Data supplied:

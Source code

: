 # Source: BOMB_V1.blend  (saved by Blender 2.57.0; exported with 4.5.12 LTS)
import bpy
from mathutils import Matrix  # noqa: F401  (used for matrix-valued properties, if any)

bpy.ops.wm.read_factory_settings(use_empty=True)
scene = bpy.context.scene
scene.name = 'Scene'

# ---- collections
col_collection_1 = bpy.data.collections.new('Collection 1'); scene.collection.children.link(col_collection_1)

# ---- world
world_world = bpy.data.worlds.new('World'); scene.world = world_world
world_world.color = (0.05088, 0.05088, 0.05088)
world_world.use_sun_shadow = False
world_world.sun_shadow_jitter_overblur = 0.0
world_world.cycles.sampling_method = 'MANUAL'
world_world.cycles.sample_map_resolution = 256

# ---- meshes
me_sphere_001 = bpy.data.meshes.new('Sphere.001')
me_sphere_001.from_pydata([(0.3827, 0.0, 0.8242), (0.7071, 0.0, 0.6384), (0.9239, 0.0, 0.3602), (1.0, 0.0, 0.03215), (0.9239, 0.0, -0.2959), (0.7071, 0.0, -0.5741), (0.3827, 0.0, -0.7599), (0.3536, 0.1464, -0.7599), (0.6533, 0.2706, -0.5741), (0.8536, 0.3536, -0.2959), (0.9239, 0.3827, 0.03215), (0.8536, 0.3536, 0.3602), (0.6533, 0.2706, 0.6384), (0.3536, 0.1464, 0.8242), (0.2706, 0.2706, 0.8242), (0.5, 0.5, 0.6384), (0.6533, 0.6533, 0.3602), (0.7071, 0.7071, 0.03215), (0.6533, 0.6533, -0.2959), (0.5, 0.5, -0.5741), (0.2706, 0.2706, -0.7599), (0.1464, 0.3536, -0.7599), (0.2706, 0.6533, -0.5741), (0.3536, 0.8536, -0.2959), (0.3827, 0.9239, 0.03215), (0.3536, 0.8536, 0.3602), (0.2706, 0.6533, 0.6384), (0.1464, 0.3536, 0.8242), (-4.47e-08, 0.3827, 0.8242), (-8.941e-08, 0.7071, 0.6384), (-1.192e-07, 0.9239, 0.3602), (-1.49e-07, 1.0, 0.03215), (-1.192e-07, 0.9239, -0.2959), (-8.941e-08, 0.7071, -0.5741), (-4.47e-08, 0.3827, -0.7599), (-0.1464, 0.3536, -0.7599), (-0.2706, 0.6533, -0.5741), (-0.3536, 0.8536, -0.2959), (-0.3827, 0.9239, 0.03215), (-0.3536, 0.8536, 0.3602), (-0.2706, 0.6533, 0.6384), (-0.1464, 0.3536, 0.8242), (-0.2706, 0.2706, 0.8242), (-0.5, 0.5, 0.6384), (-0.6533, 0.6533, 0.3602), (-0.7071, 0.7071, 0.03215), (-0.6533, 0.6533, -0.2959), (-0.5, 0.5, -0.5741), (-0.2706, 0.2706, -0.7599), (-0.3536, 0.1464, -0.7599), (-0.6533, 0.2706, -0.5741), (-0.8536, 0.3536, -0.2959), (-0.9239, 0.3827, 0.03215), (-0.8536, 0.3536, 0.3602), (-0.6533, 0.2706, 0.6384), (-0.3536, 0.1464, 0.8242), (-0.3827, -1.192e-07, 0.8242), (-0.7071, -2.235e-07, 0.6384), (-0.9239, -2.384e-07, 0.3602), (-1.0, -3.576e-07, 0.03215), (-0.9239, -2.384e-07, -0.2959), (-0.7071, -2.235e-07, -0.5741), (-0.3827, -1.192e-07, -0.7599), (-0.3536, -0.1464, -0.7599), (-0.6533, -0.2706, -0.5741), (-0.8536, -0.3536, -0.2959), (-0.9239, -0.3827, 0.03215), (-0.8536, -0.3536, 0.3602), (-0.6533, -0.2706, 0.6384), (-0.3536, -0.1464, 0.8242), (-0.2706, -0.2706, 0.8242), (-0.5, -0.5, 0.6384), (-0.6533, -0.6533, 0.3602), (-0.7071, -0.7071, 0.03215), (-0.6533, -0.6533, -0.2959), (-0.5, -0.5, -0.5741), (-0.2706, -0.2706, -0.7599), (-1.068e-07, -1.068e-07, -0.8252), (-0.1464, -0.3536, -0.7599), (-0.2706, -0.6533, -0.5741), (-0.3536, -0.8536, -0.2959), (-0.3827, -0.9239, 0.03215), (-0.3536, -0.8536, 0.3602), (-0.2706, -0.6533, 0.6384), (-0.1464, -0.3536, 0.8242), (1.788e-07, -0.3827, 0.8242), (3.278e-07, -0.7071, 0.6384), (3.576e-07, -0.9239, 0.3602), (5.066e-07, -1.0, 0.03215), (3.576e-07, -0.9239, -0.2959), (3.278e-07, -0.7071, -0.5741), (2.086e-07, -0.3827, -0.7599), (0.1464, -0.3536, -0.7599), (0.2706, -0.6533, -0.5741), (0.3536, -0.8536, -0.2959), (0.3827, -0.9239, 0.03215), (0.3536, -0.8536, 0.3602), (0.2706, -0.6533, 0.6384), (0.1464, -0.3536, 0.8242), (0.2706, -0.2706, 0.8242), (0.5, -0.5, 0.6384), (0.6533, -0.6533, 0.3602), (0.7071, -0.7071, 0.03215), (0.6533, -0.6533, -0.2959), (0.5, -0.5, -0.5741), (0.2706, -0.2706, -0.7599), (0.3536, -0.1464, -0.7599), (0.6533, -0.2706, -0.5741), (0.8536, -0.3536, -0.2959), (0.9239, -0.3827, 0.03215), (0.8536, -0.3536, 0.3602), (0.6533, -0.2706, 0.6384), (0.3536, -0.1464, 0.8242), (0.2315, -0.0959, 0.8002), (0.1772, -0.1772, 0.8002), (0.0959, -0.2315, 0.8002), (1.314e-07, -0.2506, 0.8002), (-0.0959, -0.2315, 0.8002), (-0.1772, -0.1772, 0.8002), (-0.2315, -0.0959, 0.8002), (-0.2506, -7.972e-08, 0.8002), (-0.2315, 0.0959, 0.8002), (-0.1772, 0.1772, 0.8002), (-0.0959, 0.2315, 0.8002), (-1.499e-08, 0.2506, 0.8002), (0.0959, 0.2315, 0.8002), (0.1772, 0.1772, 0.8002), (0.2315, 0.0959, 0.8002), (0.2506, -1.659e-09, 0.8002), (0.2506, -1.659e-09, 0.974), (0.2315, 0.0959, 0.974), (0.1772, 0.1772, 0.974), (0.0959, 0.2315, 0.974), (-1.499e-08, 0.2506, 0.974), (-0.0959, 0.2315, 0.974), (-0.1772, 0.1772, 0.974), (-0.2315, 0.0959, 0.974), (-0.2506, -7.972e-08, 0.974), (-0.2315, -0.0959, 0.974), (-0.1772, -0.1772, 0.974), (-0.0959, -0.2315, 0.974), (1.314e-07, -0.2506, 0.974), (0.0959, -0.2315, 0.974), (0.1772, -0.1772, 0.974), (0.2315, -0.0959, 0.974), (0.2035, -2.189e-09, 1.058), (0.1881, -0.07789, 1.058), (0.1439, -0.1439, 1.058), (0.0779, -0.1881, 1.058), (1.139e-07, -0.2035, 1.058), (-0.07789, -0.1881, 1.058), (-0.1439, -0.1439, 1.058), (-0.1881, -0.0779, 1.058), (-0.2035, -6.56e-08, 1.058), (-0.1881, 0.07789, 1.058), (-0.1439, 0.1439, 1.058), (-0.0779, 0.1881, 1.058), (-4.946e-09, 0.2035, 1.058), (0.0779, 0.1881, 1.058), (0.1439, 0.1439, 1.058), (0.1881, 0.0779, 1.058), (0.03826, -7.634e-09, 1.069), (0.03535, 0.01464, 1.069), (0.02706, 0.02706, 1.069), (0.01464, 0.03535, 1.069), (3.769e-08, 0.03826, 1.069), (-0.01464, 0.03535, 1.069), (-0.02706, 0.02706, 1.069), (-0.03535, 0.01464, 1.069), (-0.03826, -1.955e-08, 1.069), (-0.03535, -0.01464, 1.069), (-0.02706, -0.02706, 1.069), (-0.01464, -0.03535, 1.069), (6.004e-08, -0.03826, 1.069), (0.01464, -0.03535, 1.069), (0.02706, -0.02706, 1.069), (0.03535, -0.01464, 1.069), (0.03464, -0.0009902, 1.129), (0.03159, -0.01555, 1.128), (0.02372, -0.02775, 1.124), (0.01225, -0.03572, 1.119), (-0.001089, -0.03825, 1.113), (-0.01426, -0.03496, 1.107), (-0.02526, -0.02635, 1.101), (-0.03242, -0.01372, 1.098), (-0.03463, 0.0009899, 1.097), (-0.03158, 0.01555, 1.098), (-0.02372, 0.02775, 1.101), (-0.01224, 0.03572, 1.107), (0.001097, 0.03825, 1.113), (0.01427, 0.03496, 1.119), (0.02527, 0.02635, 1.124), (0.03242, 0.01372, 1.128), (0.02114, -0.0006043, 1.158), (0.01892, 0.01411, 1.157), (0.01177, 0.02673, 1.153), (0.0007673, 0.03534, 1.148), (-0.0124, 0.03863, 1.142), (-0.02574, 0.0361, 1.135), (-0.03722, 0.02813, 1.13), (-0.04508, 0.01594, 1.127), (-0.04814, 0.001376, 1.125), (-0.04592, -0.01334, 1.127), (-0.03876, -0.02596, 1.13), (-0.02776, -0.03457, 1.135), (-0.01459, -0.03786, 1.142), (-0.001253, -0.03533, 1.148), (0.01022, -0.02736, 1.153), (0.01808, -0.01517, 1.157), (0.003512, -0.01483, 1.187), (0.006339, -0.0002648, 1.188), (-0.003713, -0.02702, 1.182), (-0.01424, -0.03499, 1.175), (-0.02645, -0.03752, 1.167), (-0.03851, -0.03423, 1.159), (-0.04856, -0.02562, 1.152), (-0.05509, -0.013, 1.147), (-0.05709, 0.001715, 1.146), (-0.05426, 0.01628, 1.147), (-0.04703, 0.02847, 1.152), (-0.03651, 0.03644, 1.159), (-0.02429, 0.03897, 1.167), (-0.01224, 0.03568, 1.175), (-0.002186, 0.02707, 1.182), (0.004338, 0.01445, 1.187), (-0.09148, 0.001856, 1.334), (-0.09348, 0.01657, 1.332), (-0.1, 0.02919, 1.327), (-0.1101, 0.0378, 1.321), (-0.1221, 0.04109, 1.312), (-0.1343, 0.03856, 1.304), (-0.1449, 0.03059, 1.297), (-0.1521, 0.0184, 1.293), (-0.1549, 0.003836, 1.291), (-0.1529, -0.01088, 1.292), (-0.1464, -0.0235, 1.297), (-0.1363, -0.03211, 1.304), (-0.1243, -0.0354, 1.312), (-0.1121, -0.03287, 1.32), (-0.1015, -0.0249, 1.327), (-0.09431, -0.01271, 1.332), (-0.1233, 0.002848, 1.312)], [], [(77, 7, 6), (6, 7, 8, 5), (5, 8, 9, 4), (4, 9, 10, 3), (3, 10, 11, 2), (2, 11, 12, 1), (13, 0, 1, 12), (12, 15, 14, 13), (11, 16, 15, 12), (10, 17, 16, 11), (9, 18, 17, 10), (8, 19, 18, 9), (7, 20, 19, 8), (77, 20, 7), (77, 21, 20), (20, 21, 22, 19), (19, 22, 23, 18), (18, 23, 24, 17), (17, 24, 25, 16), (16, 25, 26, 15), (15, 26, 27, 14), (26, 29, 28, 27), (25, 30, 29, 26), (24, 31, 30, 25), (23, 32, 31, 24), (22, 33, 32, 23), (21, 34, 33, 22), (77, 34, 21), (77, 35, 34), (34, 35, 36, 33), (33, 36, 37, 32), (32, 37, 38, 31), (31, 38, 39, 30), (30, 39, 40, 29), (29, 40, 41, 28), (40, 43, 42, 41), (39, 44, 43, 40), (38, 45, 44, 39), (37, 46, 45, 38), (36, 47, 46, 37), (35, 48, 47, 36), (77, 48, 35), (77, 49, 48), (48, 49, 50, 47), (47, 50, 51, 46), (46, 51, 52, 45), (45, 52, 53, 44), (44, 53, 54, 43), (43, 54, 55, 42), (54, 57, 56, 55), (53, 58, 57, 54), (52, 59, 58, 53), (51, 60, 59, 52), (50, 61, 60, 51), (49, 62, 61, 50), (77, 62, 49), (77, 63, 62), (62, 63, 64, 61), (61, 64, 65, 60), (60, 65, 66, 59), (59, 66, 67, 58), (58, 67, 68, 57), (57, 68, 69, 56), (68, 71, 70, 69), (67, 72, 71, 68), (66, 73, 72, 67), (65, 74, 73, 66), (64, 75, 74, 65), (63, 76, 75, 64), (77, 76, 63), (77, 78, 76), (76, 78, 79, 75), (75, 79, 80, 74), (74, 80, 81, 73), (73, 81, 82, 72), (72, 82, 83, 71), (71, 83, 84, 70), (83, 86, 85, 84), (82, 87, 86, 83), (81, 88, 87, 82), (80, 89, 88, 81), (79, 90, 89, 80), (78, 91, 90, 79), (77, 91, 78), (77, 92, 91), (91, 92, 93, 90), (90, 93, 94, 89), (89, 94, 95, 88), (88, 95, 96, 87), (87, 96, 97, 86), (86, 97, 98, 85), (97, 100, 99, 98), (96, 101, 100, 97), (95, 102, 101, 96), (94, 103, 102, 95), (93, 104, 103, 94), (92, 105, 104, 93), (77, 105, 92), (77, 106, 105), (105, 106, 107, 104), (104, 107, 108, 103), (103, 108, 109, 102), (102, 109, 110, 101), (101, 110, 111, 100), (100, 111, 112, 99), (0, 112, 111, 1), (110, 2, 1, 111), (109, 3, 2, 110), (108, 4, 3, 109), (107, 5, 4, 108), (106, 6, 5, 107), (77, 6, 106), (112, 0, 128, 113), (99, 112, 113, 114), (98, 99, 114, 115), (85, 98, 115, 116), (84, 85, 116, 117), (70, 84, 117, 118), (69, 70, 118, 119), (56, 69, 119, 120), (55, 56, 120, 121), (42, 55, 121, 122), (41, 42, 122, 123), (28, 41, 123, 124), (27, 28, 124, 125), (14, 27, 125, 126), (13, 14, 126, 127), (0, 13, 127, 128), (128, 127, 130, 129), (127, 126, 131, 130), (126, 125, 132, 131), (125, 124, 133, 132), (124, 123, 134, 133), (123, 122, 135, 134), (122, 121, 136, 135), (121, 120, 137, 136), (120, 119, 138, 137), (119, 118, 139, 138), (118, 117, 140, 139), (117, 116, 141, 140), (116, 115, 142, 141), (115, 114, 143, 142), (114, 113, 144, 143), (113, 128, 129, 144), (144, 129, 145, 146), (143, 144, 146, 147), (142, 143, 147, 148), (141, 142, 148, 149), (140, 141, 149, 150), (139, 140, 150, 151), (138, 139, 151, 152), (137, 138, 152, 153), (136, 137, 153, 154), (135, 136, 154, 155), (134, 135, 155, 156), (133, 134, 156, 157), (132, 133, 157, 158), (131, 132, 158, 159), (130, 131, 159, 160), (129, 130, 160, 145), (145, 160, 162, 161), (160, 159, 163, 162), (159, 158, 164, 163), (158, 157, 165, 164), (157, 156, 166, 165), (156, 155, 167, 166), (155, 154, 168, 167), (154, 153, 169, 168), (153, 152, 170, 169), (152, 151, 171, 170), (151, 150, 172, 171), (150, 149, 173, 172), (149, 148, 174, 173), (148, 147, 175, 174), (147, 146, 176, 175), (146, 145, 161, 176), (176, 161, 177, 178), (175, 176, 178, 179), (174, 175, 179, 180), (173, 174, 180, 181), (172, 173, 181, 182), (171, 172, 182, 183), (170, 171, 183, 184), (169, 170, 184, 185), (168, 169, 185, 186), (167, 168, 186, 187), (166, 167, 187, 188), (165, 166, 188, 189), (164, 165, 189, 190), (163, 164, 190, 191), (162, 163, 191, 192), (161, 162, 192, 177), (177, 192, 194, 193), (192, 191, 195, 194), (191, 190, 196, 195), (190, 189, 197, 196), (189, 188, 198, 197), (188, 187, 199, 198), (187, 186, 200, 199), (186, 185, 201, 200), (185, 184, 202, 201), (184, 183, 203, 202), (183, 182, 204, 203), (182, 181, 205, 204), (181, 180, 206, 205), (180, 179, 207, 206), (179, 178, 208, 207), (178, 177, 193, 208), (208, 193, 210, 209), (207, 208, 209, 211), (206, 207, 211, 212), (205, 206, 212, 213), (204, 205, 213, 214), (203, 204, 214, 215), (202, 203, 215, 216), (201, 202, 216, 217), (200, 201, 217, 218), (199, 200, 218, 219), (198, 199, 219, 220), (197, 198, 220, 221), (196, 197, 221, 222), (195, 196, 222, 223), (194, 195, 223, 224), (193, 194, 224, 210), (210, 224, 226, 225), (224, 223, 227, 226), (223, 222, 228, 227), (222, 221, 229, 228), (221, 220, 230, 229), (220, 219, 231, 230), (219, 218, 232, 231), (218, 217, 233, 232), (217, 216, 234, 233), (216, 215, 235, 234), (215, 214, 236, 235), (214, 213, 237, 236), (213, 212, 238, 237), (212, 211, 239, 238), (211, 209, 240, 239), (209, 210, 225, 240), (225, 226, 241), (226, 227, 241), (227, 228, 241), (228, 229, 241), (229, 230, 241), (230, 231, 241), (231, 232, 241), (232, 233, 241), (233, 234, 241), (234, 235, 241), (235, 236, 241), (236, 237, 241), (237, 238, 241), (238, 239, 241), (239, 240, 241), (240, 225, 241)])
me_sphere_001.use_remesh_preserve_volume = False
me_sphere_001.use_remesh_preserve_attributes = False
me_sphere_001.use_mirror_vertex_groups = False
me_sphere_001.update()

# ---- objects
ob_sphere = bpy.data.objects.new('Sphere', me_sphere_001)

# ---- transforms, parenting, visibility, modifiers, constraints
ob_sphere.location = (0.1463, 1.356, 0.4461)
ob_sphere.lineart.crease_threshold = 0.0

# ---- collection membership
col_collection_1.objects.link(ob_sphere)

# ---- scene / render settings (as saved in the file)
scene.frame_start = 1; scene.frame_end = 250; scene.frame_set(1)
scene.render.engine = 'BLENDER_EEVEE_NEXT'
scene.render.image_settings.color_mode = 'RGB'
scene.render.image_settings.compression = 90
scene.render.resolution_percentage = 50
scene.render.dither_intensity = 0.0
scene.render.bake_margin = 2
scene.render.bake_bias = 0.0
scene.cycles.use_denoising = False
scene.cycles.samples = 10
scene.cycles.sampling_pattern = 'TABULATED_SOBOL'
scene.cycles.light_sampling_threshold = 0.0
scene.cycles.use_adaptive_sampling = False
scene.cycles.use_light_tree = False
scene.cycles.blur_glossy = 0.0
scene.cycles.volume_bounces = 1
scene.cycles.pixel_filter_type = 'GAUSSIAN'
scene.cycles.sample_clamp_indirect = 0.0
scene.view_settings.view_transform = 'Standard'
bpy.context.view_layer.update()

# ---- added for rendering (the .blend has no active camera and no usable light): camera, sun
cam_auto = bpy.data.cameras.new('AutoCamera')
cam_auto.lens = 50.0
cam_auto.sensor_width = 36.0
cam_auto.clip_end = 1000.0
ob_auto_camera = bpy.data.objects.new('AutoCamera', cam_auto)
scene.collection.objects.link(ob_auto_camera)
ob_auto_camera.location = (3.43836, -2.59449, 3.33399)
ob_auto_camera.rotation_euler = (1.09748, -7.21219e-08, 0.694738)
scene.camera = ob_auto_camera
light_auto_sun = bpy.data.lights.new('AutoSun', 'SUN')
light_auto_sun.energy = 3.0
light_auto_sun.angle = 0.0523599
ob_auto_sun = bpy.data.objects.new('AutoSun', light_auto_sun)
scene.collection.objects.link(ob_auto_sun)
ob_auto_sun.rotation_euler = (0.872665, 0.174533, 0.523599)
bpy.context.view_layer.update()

What you need to do:
Taking the line with "ob_sphere.location = (0.1463, 1.356, 0.4461)" as the first and the line with "scene.cycles.light_sampling_threshold = 0.0" as the last, retype that stretch of the data above exactly, with no other lines.

Result of this task:
ob_sphere.location = (0.1463, 1.356, 0.4461)
ob_sphere.lineart.crease_threshold = 0.0

# ---- collection membership
col_collection_1.objects.link(ob_sphere)

# ---- scene / render settings (as saved in the file)
scene.frame_start = 1; scene.frame_end = 250; scene.frame_set(1)
scene.render.engine = 'BLENDER_EEVEE_NEXT'
scene.render.image_settings.color_mode = 'RGB'
scene.render.image_settings.compression = 90
scene.render.resolution_percentage = 50
scene.render.dither_intensity = 0.0
scene.render.bake_margin = 2
scene.render.bake_bias = 0.0
scene.cycles.use_denoising = False
scene.cycles.samples = 10
scene.cycles.sampling_pattern = 'TABULATED_SOBOL'
scene.cycles.light_sampling_threshold = 0.0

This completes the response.